▶
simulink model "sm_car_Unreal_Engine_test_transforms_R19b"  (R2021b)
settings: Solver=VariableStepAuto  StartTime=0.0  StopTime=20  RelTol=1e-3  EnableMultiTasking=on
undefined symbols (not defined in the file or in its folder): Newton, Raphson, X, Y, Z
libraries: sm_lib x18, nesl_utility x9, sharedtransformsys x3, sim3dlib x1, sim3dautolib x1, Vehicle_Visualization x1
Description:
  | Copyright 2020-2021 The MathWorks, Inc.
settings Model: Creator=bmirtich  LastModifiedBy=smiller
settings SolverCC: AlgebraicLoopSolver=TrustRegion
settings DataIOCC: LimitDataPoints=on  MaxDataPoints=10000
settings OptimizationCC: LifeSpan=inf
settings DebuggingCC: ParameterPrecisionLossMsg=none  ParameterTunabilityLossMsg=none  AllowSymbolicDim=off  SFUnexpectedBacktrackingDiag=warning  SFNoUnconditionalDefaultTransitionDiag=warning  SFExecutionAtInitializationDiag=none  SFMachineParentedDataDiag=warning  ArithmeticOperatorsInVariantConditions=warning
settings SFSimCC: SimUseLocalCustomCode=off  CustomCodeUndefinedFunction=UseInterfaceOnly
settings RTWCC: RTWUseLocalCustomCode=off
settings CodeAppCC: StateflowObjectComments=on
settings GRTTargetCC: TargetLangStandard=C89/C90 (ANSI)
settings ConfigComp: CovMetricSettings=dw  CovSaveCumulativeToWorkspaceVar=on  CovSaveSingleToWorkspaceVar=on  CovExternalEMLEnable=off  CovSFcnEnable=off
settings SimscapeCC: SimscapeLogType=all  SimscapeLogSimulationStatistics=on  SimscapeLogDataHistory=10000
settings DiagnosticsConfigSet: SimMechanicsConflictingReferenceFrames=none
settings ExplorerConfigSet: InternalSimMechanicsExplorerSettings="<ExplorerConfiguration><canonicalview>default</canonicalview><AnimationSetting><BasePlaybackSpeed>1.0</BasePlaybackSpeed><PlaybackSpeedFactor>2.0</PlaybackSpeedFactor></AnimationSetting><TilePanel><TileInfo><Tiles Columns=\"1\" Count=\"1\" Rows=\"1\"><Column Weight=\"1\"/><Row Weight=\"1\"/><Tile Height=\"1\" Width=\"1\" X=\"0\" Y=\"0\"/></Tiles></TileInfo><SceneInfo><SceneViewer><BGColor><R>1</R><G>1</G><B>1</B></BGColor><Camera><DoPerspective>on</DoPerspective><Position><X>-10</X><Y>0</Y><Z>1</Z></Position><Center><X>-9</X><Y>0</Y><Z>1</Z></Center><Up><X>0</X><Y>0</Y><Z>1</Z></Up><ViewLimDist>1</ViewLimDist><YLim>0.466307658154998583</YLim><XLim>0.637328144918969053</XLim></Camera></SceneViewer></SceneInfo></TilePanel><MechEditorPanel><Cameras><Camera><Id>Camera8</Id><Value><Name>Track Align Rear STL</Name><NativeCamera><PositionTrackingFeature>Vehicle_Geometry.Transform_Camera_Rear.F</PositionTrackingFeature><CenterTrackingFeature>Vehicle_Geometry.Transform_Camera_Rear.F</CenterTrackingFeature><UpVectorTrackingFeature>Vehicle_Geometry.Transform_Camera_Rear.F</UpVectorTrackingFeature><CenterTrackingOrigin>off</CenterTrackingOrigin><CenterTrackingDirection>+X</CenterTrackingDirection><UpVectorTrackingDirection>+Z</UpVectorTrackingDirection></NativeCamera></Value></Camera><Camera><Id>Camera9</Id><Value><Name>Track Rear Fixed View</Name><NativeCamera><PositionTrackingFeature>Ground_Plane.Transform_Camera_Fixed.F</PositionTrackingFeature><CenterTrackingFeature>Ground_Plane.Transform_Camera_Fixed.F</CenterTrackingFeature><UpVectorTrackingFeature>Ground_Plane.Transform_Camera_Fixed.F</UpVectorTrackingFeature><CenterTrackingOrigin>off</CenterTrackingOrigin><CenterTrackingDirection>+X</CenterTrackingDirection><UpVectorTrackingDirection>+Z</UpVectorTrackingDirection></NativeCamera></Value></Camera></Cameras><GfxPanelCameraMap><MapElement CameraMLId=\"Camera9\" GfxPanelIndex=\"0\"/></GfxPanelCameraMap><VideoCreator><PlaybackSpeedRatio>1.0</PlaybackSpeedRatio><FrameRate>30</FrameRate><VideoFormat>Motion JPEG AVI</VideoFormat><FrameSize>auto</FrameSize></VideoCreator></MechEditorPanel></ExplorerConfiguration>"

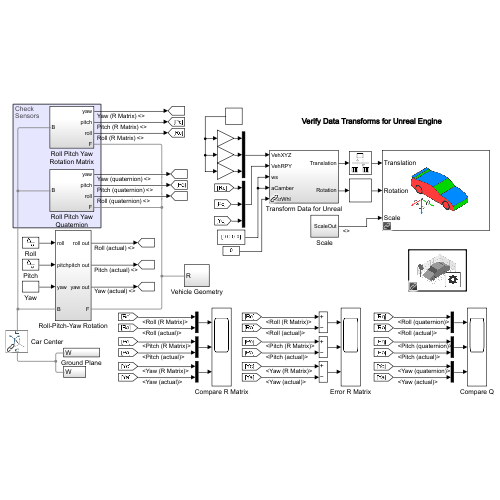
[thumbnail: Simulink's stored preview of the top-level diagram]
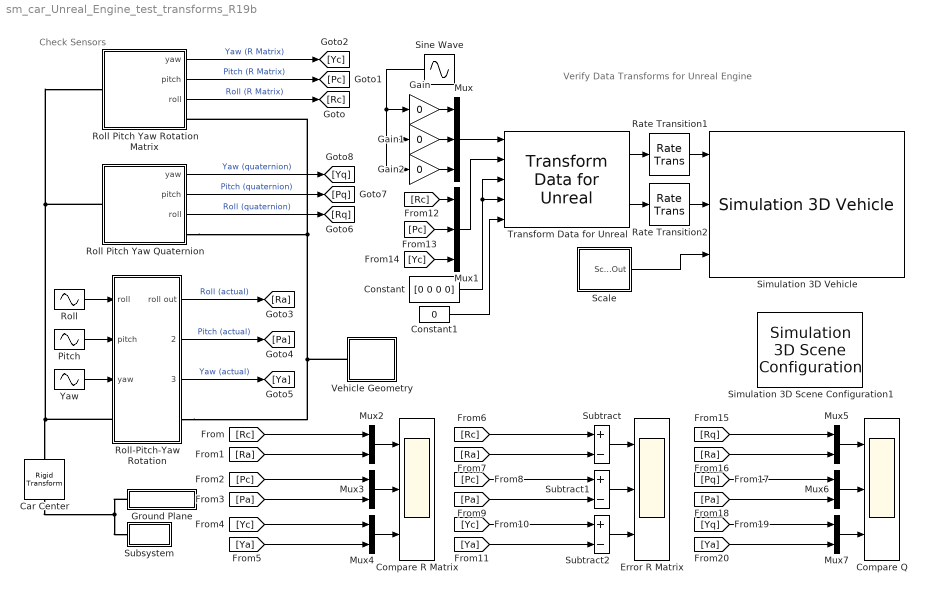
== system sm_car_Unreal_Engine_test_transforms_R19b ==
  note: Check
      | Sensors
  note: Verify Data Transforms for Unreal Engine
  Car Center : sm_lib/Frames and Transforms/Rigid Transform  TranslationMethod=Cartesian  TranslationStandardOffset=0  TranslationLengthUnit=m  TranslationStandardAxis=+Z  TranslationCartesianOffset=[0 0 .85]  TranslationROffset=0  TranslationROffsetUnits=m  TranslationZOffset=0  TranslationZOffsetUnits=m  TranslationThetaOffset=0  TranslationThetaOffsetUnits=deg  RotationMethod=None  RotationAngleUnits=deg  RotationStandardAxis=+Z  RotationAngle=0.0  RotationArbitraryAxis=[0 0 1]  FollAlignAxisA=+X  BaseAlignAxisA=+Y  FollAlignAxisB=+Y  BaseAlignAxisB=+Z  RotationSequenceAxes=FollowerAxes  RotationSequence=XYX  RotationSequenceAngles=[0 0 0]  RotationSequenceAnglesUnits=deg  RotationMatrix=[1 0 0; 0 1 0; 0 0 1]
      settings: SourceProductName=Multibody
  Compare Q : Scope  NumInputPorts=3
  Compare R Matrix : Scope  NumInputPorts=3
  Constant : Constant  Value=[0 0 0 0]
  Constant1 : Constant  Value=0
  Error R Matrix : Scope  NumInputPorts=3
  Gain : Gain  Gain=0
  Gain1 : Gain  Gain=0
  Gain2 : Gain  Gain=0
  Ground Plane : Subsystem
  Mux : Mux  Inputs=3
  Mux1 : Mux  Inputs=3
  Mux{2..7} (6 alike) : Mux  Inputs=2
  Pitch : Sin  Amplitude=80  Frequency=1.329  SampleTime=0
  Rate Transition1 : RateTransition  Deterministic=off  OutPortSampleTime=0.03
  Rate Transition2 : RateTransition  Deterministic=off  OutPortSampleTime=0.03
  Roll : Sin  Amplitude=150  Frequency=.991  SampleTime=0
  Roll Pitch Yaw Quaternion : Subsystem
  Roll Pitch Yaw Rotation Matrix : Subsystem
  Roll-Pitch-Yaw Rotation : Subsystem
  Scale : Subsystem
  Simulation 3D Scene Configuration1 : sim3dlib/Simulation 3D Scene Configuration  Priority=0  ProjectFormat_internal=Default Scenes  ProjectFormat=Default Scenes  SceneDesc=Double lane change  ProjectName=C:\Program Files\MATLAB\R2021b\toolbox\shared\sim3d_projects\automotive_project\UE4\WindowsNoEditor\VehicleSimulation.exe  ScenePath=/Game/Maps/HwStrght  vehTagList={'Scene Origin'}  vehTag=Scene Origin  OpVisEn=off  Ts=.03  EnableWindow=on  EnableWeather=off  SunAltitude=40.0  SunAzimuth=90  clouds=10  wind=1  fog=0  rain=0  sensorTag=MainCamera1  sensorId=1  sensorName=MainCamera1  mountLoc=Origin  offsetFlag=off  tmountOffset=[0, 0, 0]  rmountOffset=[0, 0, 0]  HorizontalResolution=1280  VerticalResolution=720  HorizontalFOV=60  mountPoint=[0 0 0]  mountOrientation=[0 0 0]  aMode=aMode  ID=1
      settings: SourceProductBaseCode=AE,DR,UV,VE
  Simulation 3D Vehicle : sim3dautolib/Simulation 3D Vehicle  Priority=-1  PassVehMesh=Muscle car  PassVehMesh_Internal=Muscle car  MeshPath=/MathWorksSimulation/Vehicles/Muscle/Meshes/SK_MuscleCar.SK_MuscleCar  VehColor=Red  VehColor_Internal=Red  ActorName=SimulinkVehicle1  VehLightsControl=off  HeadlightColor=[ 1, 1, 1 ]  HighBeamIntensity=100000  LowBeamIntensity=60000  HighBeamConeAngle=1.22  LowBeamConeAngle=1.22  LeftHeadlightOrientation=[ 0, 0 ]  RightHeadlightOrientation=[ 0, 0 ]  BrakelightIntensity=500  ReverselightIntensity=500  SignallightIntensity=500  SignallightPeriod=1  SignalPulseWidth=50  Translation=[0 0 1; 0 0 0; 0 0 0; 0 0 0; 0 0 0]  Rotation=[0 0 0; 0 0 0; 0 0 0; 0 0 0; 0 0 0]  Scale=ones( 5, 3 )  SampleTime=.03  ActorType=SimulinkVehicle  ID=1  aMode=2  ActorTag=SimulinkVehicle1
      settings: SourceProductBaseCode=AE,DR,UV,VE
  Sine Wave : Sin  SampleTime=0
  Subsystem : Subsystem
  Subtract : Sum  Inputs=+-
  Subtract1 : Sum  Inputs=+-
  Subtract2 : Sum  Inputs=+-
  Transform Data for Unreal : Vehicle_Visualization/Transform Data for Unreal  SystemSampleTime=-1  VariantActivationTime=update diagram  Latency=0  AutoFrameSizeCalculation=off
  Vehicle Geometry : Subsystem
  Yaw : Sin  Amplitude=130  Frequency=.543  SampleTime=0
  wires:
  Roll Pitch Yaw Rotation Matrix/2(pitch) -> [Pc]  "Pitch (R Matrix)"
  Roll/1 -> Roll-Pitch-Yaw Rotation/1(roll)
  Roll-Pitch-Yaw Rotation/2(pitch out) -> [Pa]  "Pitch (actual)"
  Pitch/1 -> Roll-Pitch-Yaw Rotation/2(pitch)
  Yaw/1 -> Roll-Pitch-Yaw Rotation/3(yaw)
  Roll-Pitch-Yaw Rotation/3(yaw out) -> [Ya]  "Yaw (actual)"
  Roll Pitch Yaw Rotation Matrix/1(yaw) -> [Yc]  "Yaw (R Matrix)"
  Roll-Pitch-Yaw Rotation/1(roll out) -> [Ra]  "Roll (actual)"
  [Rc] -> Mux2/1
  Roll Pitch Yaw Rotation Matrix/3(roll) -> [Rc]  "Roll (R Matrix)"
  [Ra] -> Mux2/2
  [Pc] -> Mux3/1
  [Pa] -> Mux3/2
  [Yc] -> Mux4/1
  [Ya] -> Mux4/2
  [Yc] -> Subtract2/1
  [Pa] -> Subtract1/2
  [Pc] -> Subtract1/1
  [Ya] -> Subtract2/2
  [Rc] -> Subtract/1
  [Ra] -> Subtract/2
  Subtract/1 -> Error R Matrix/1
  Subtract1/1 -> Error R Matrix/2
  Subtract2/1 -> Error R Matrix/3
  Scale/1(ScaleOut) -> Simulation 3D Vehicle/3
  Transform Data for Unreal/2 -> Rate Transition2/1
  Rate Transition1/1 -> Simulation 3D Vehicle/1
  Rate Transition2/1 -> Simulation 3D Vehicle/2
  Transform Data for Unreal/1 -> Rate Transition1/1
  Gain1/1 -> Mux/2
  Gain/1 -> Mux/1
  Sine Wave/1 -> Gain2/1, Gain1/1, Gain/1
  Gain2/1 -> Mux/3
  [Rc] -> Mux1/1
  [Pc] -> Mux1/2
  [Yc] -> Mux1/3
  Mux/1 -> Transform Data for Unreal/1
  Mux1/1 -> Transform Data for Unreal/2
  Constant/1 -> Transform Data for Unreal/4, Transform Data for Unreal/3
  Constant1/1 -> Transform Data for Unreal/5
  Mux4/1 -> Compare R Matrix/3
  Mux2/1 -> Compare R Matrix/1
  Mux3/1 -> Compare R Matrix/2
  Roll Pitch Yaw Quaternion/3(roll) -> [Rq]  "Roll (quaternion)"
  Roll Pitch Yaw Quaternion/1(yaw) -> [Yq]  "Yaw (quaternion)"
  Roll Pitch Yaw Quaternion/2(pitch) -> [Pq]  "Pitch (quaternion)"
  Mux6/1 -> Compare Q/2
  Mux5/1 -> Compare Q/1
  Mux7/1 -> Compare Q/3
  [Ya] -> Mux7/2
  [Yq] -> Mux7/1
  [Pa] -> Mux6/2
  [Pq] -> Mux6/1
  [Ra] -> Mux5/2
  [Rq] -> Mux5/1
  connections:
  Roll-Pitch-Yaw Rotation/RConn1 -- Vehicle Geometry/LConn1 -- Roll Pitch Yaw Rotation Matrix/RConn1 -- Roll Pitch Yaw Quaternion/RConn1
  Roll-Pitch-Yaw Rotation/LConn1 -- Car Center/RConn1 -- Roll Pitch Yaw Quaternion/LConn1 -- Roll Pitch Yaw Rotation Matrix/LConn1
  Car Center/LConn1 -- Ground Plane/LConn1 -- Subsystem/LConn1

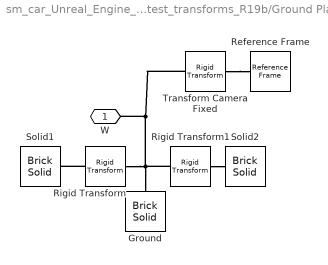
== system sm_car_Unreal_Engine_test_transforms_R19b/Ground Plane ==
  Ground : sm_lib/Body Elements/Brick Solid  GraphicAmbientColor=[0.15 0.15 0.15 1.0]  BasedOnType=Density  BrickDimensions=[100 100 .1]  BrickDimensionUnits=m  CenterOfMass=[0 0 0]  CenterOfMassUnits=m  GraphicDiffuseColor=[0.5 0.5 0.5]  Density=1000  DensityUnits=kg/m^3  DoExposeReferenceFrame=on  GraphicEmissiveColor=[0.0 0.0 0.0 1.0]  ExportEntireGeometry=off  SerializedFrames=<Frames/>  MarkerShape=Sphere  MarkerSize=10  GraphicType=FromGeometry  InertiaType=CalculateFromGeometry  Mass=1  MassUnits=kg  MomentsOfInertia=[1 1 1]  MomentsOfInertiaUnits=kg*m^2  GraphicOpacity=0.5  ProductsOfInertia=[0 0 0]  ProductsOfInertiaUnits=kg*m^2  GraphicShininess=75  GraphicSpecularColor=[0.5 0.5 0.5 1.0]  GraphicVisPropType=SimpleVisualProperties
  Reference Frame : sm_lib/Frames and Transforms/Reference Frame
  Rigid Transform : sm_lib/Frames and Transforms/Rigid Transform  TranslationMethod=StandardAxis  TranslationStandardOffset=1.5  TranslationLengthUnit=m  TranslationStandardAxis=+Y  TranslationCartesianOffset=[0 0 0]  TranslationROffset=0  TranslationROffsetUnits=m  TranslationZOffset=0  TranslationZOffsetUnits=m  TranslationThetaOffset=0  TranslationThetaOffsetUnits=deg  RotationMethod=None  RotationAngleUnits=deg  RotationStandardAxis=+Z  RotationAngle=0.0  RotationArbitraryAxis=[0 0 1]  FollAlignAxisA=+X  BaseAlignAxisA=+Y  FollAlignAxisB=+Y  BaseAlignAxisB=+Z  RotationSequenceAxes=FollowerAxes  RotationSequence=XYX  RotationSequenceAngles=[0 0 0]  RotationSequenceAnglesUnits=deg  RotationMatrix=[1 0 0; 0 1 0; 0 0 1]
  Rigid Transform1 : sm_lib/Frames and Transforms/Rigid Transform  TranslationMethod=StandardAxis  TranslationStandardOffset=1.5  TranslationLengthUnit=m  TranslationStandardAxis=+Y  TranslationCartesianOffset=[0 0 0]  TranslationROffset=0  TranslationROffsetUnits=m  TranslationZOffset=0  TranslationZOffsetUnits=m  TranslationThetaOffset=0  TranslationThetaOffsetUnits=deg  RotationMethod=None  RotationAngleUnits=deg  RotationStandardAxis=+Z  RotationAngle=0.0  RotationArbitraryAxis=[0 0 1]  FollAlignAxisA=+X  BaseAlignAxisA=+Y  FollAlignAxisB=+Y  BaseAlignAxisB=+Z  RotationSequenceAxes=FollowerAxes  RotationSequence=XYX  RotationSequenceAngles=[0 0 0]  RotationSequenceAnglesUnits=deg  RotationMatrix=[1 0 0; 0 1 0; 0 0 1]
  Solid1 : sm_lib/Body Elements/Brick Solid  GraphicAmbientColor=[0.15 0.15 0.15 1.0]  BasedOnType=Density  BrickDimensions=[100 0.11 0.11]  BrickDimensionUnits=m  CenterOfMass=[0 0 0]  CenterOfMassUnits=m  GraphicDiffuseColor=[1.0 1.0 0.2]  Density=1000  DensityUnits=kg/m^3  DoExposeReferenceFrame=on  GraphicEmissiveColor=[0.0 0.0 0.0 1.0]  ExportEntireGeometry=off  SerializedFrames=<Frames/>  MarkerShape=Sphere  MarkerSize=10  GraphicType=FromGeometry  InertiaType=CalculateFromGeometry  Mass=1  MassUnits=kg  MomentsOfInertia=[1 1 1]  MomentsOfInertiaUnits=kg*m^2  GraphicOpacity=1.0  ProductsOfInertia=[0 0 0]  ProductsOfInertiaUnits=kg*m^2  GraphicShininess=75  GraphicSpecularColor=[0.5 0.5 0.5 1.0]  GraphicVisPropType=SimpleVisualProperties
  Solid2 : sm_lib/Body Elements/Brick Solid  GraphicAmbientColor=[0.15 0.15 0.15 1.0]  BasedOnType=Density  BrickDimensions=[100 0.11 0.11]  BrickDimensionUnits=m  CenterOfMass=[0 0 0]  CenterOfMassUnits=m  GraphicDiffuseColor=[1.0 1.0 1.0]  Density=1000  DensityUnits=kg/m^3  DoExposeReferenceFrame=on  GraphicEmissiveColor=[0.0 0.0 0.0 1.0]  ExportEntireGeometry=off  SerializedFrames=<Frames/>  MarkerShape=Sphere  MarkerSize=10  GraphicType=FromGeometry  InertiaType=CalculateFromGeometry  Mass=1  MassUnits=kg  MomentsOfInertia=[1 1 1]  MomentsOfInertiaUnits=kg*m^2  GraphicOpacity=1.0  ProductsOfInertia=[0 0 0]  ProductsOfInertiaUnits=kg*m^2  GraphicShininess=75  GraphicSpecularColor=[0.5 0.5 0.5 1.0]  GraphicVisPropType=SimpleVisualProperties
  Transform Camera Fixed : sm_lib/Frames and Transforms/Rigid Transform  TranslationMethod=Cartesian  TranslationStandardOffset=0  TranslationLengthUnit=m  TranslationStandardAxis=+Z  TranslationCartesianOffset=[-10 0 1]  TranslationROffset=0  TranslationROffsetUnits=m  TranslationZOffset=0  TranslationZOffsetUnits=m  TranslationThetaOffset=0  TranslationThetaOffsetUnits=deg  RotationMethod=None  RotationAngleUnits=deg  RotationStandardAxis=+Z  RotationAngle=0.0  RotationArbitraryAxis=[0 0 1]  FollAlignAxisA=+X  BaseAlignAxisA=+Y  FollAlignAxisB=+Y  BaseAlignAxisB=+Z  RotationSequenceAxes=FollowerAxes  RotationSequence=XYX  RotationSequenceAngles=[0 0 0]  RotationSequenceAnglesUnits=deg  RotationMatrix=[1 0 0; 0 1 0; 0 0 1]
  W : PMIOPort  Side=Left
  connections:
  Rigid Transform/RConn1 -- Solid1/RConn1
  Rigid Transform1/LConn1 -- Solid2/RConn1
  Rigid Transform/LConn1 -- Transform Camera Fixed/LConn1 -- W/RConn1 -- Rigid Transform1/RConn1 -- Ground/RConn1
  Transform Camera Fixed/RConn1 -- Reference Frame/RConn1

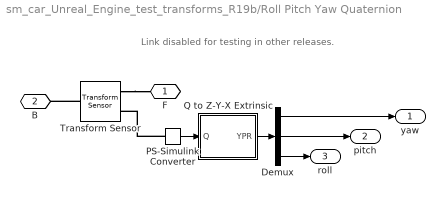
== system sm_car_Unreal_Engine_test_transforms_R19b/Roll Pitch Yaw Quaternion ==
  note: Link disabled for testing in other releases.
  Demux : Demux  Outputs=3
  PS-Simulink Converter : nesl_utility/PS-Simulink Converter  PhysicalDomain=network_engine_domain  SubClassName=ps_output  LeftPortType=input  RightPortType=output  PseudoPeriodic=off  Frequencies=[]  Unit=1  AffineConversion=off
      settings: SourceProductBaseCode=PW,SS
  Q to Z-Y-X Extrinsic : Subsystem  AncestorBlock=sm_car_lib/Utilities/Q to Z-Y-X Extrinsic
  Transform Sensor : sm_lib/Frames and Transforms/Transform Sensor  MeasurementFrame=Base  SenseAngle=off  SenseAxis=off  SenseAngle1=off  SenseAngle2=off  SenseAngle3=off  SenseQ=on  SenseR=off  SenseOmegaX=off  SenseOmegaY=off  SenseOmegaZ=off  SenseOmega1=off  SenseOmega2=off  SenseOmega3=off  SenseQDot=off  SenseRDot=off  SenseAlphaX=off  SenseAlphaY=off  SenseAlphaZ=off  SenseAlpha1=off  SenseAlpha2=off  SenseAlpha3=off  SenseQDDot=off  SenseRDDot=off  SenseX=off  SenseY=off  SenseZ=off  SenseRad=off  SenseAzim=off  SenseDist=off  SenseInc=off  SenseXDot=off  SenseYDot=off  SenseZDot=off  SenseRadDot=off  SenseAzimDot=off  SenseDistDot=off  SenseIncDot=off  SenseXDDot=off  SenseYDDot=off  SenseZDDot=off  SenseRadDDot=off  SenseAzimDDot=off  SenseDistDDot=off  SenseIncDDot=off
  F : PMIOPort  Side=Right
◀
- PROBLEM TO SOLVE -
Proceeding from the line containing "Transform Data for Unreal : Vehicle_Visualization/Transform" through the line containing "Mux6/1 -> Compare Q/2", transcribe the lines above exactly, both end lines included.

- TASK SOLUTION -
  Transform Data for Unreal : Vehicle_Visualization/Transform Data for Unreal  SystemSampleTime=-1  VariantActivationTime=update diagram  Latency=0  AutoFrameSizeCalculation=off
  Vehicle Geometry : Subsystem
  Yaw : Sin  Amplitude=130  Frequency=.543  SampleTime=0
  wires:
  Roll Pitch Yaw Rotation Matrix/2(pitch) -> [Pc]  "Pitch (R Matrix)"
  Roll/1 -> Roll-Pitch-Yaw Rotation/1(roll)
  Roll-Pitch-Yaw Rotation/2(pitch out) -> [Pa]  "Pitch (actual)"
  Pitch/1 -> Roll-Pitch-Yaw Rotation/2(pitch)
  Yaw/1 -> Roll-Pitch-Yaw Rotation/3(yaw)
  Roll-Pitch-Yaw Rotation/3(yaw out) -> [Ya]  "Yaw (actual)"
  Roll Pitch Yaw Rotation Matrix/1(yaw) -> [Yc]  "Yaw (R Matrix)"
  Roll-Pitch-Yaw Rotation/1(roll out) -> [Ra]  "Roll (actual)"
  [Rc] -> Mux2/1
  Roll Pitch Yaw Rotation Matrix/3(roll) -> [Rc]  "Roll (R Matrix)"
  [Ra] -> Mux2/2
  [Pc] -> Mux3/1
  [Pa] -> Mux3/2
  [Yc] -> Mux4/1
  [Ya] -> Mux4/2
  [Yc] -> Subtract2/1
  [Pa] -> Subtract1/2
  [Pc] -> Subtract1/1
  [Ya] -> Subtract2/2
  [Rc] -> Subtract/1
  [Ra] -> Subtract/2
  Subtract/1 -> Error R Matrix/1
  Subtract1/1 -> Error R Matrix/2
  Subtract2/1 -> Error R Matrix/3
  Scale/1(ScaleOut) -> Simulation 3D Vehicle/3
  Transform Data for Unreal/2 -> Rate Transition2/1
  Rate Transition1/1 -> Simulation 3D Vehicle/1
  Rate Transition2/1 -> Simulation 3D Vehicle/2
  Transform Data for Unreal/1 -> Rate Transition1/1
  Gain1/1 -> Mux/2
  Gain/1 -> Mux/1
  Sine Wave/1 -> Gain2/1, Gain1/1, Gain/1
  Gain2/1 -> Mux/3
  [Rc] -> Mux1/1
  [Pc] -> Mux1/2
  [Yc] -> Mux1/3
  Mux/1 -> Transform Data for Unreal/1
  Mux1/1 -> Transform Data for Unreal/2
  Constant/1 -> Transform Data for Unreal/4, Transform Data for Unreal/3
  Constant1/1 -> Transform Data for Unreal/5
  Mux4/1 -> Compare R Matrix/3
  Mux2/1 -> Compare R Matrix/1
  Mux3/1 -> Compare R Matrix/2
  Roll Pitch Yaw Quaternion/3(roll) -> [Rq]  "Roll (quaternion)"
  Roll Pitch Yaw Quaternion/1(yaw) -> [Yq]  "Yaw (quaternion)"
  Roll Pitch Yaw Quaternion/2(pitch) -> [Pq]  "Pitch (quaternion)"
  Mux6/1 -> Compare Q/2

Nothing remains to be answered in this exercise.